On Monday, the city commemorated the dead, ringing bells and shuttering stores for 14 minutes, one for each victim. Massimo Colla, the owner of the wine bar and bistro Al Buscion, said he kept it closed for the entire day. “When tragedy happens close to home, you feel it intensely,” he said. “It’s going to take time for the city to get over this.”

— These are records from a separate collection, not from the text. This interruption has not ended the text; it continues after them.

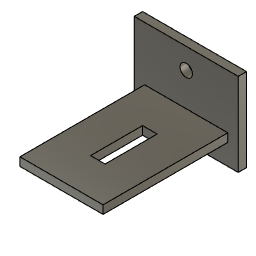
Holder kamere (Autodesk Fusion 360 design; units mm, degrees)
Autodesk Fusion 360 part; units mm, degrees
sketch "Sketch1" plane through (0, 0, 0) normal (0, 1, 0) x (1, 0, 0)
  line L0 (25, 20) -> (-25, 20)
  line L1 (-25, 20) -> (-25, -20)
  line L2 (-25, -20) -> (25, -20)
  line L3 (25, -20) -> (25, 20)
  circle A0 centre (0, -10) radius 3
  line L4 (0, 10) -> (-7.5, 10)
  line L5 (-7.5, 10) -> (-7.5, 6)
  line L6 (-7.5, 6) -> (7.5, 6)
  line L7 (7.5, 6) -> (7.5, 10)
  line L8 (7.5, 10) -> (0, 10)
  dimension "d1" = 50
  dimension "d2" = 40
  dimension "d3" = 6
  dimension "d4" = 7.5
  dimension "d5" = 4
  dimension "d6" = 15
  constraint horizontal L0
  constraint perpendicular L0 L1
  constraint parallel L0 L2
  constraint parallel L1 L3
  constraint perpendicular L4 L5
  constraint perpendicular L5 L6
  constraint perpendicular L6 L7
  measures "d1" distance of L1.end L2.end
  measures "d2" distance of L0.end L1.end
  measures "d3" diameter of A0
  measures "d4" distance of L4.start L4.end
  measures "d5" distance of L4.end L5.end
  measures "d6" distance of L5.end L6.end
extrude "Extrude1" add sketch "Sketch1" along normal blind 4 makes body 1
sketch "Sketch2" plane through (0, 0, 0) normal (0, 0, 1) x (1, 0, 0)
  line L0 (170, -30) -> (130, -30)
  line L1 (130, -30) -> (130, 30)
  line L2 (170, 30) -> (170, -30)
  line L3 (170, -30) -> (130, 30) construction
  line L4 (130, -30) -> (170, 30) construction
  line L5 (153.5, -12.5) -> (146.5, -12.5)
  line L6 (146.5, -12.5) -> (146.5, 12.5)
  line L7 (146.5, 12.5) -> (153.5, 12.5)
  line L8 (153.5, 12.5) -> (153.5, -12.5)
  line L9 (153.5, -12.5) -> (146.5, 12.5) construction
  line L10 (146.5, -12.5) -> (153.5, 12.5) construction
  line L11 (142.5, 30) -> (142.5, 34)
  line L12 (142.5, 34) -> (157.5, 34)
  line L13 (157.5, 34) -> (157.5, 30)
  line L14 (130, 30) -> (142.5, 30)
  line L15 (157.5, 30) -> (170, 30)
  point P0 (150, 0)
  point P1 (150, 0)
  dimension "d9" = 40
  dimension "d10" = 60
  dimension "d11" = 7
  dimension "d12" = 25
  dimension "d14" = 4
  dimension "d15" = 15
  constraint horizontal L0
  constraint perpendicular L0 L1
  constraint parallel L0 L14
  constraint parallel L1 L2
  constraint coincident L3 P1
  constraint coincident L4 P1
  constraint horizontal L5
  constraint perpendicular L5 L6
  constraint parallel L5 L7
  constraint parallel L6 L8
  constraint coincident L9 P1
  constraint coincident L10 P1
  constraint coincident P1 P0
  constraint perpendicular L11 L14
  constraint perpendicular L11 L12
  constraint coincident L13.end L14
  constraint perpendicular L13 L14
  constraint collinear L14 L15
  measures "d9" distance of L1.end L2.start
  measures "d10" distance of L0.end L1.end
  measures "d11" distance of L6.end L7.end
  measures "d12" distance of L5.end L6.end
  measures "d14" distance of L11.start L11.end
  measures "d15" distance of L11.end L12.end
extrude "Extrude2" add sketch "Sketch2" along normal blind 4 separate body makes body 2
copy_body "Body->Comp1" bodies 2 removing the originals makes body 3 in component "Component"
component "Component" placed x (1, 0, 0) y (0, 1, 0) z (0, 0, 1) at (-150, -30, -10)

Father Villa, the priest, said that he had gathered the faithful in prayer soon after the crash and held other services on Monday. With the city, he has planned a commemorative mass on Wednesday, for the emergency workers and others who combed the mountainside searching, mostly in vain, for survivors among the dead. He said that 14 candles would be lit during the service and the victims would be named and remembered, one by one.
Marcella Severino, Stresa’s mayor of just eight months, said she was looking for a permanent way to commemorate the victims. “May 23 will be our September 11,” she said in an emotional interview in her office.
“Though citizens were in shock,” she said that locals had stepped up as best they could. Civil protection volunteers immediately arrived on the scene, along with the emergency workers. Hotel owners took in victims’ families, taxi drivers transported people without charge and local health authorities had provided psychologists.
“People come to Stresa because they feel safe,” Ms. Severino said — the town is small and tight-knit, with little crime. “Obviously, for the families of the victims, Stresa will become a nefarious name,” she said. “But I hope that they will remember how the city tried to be close to them.”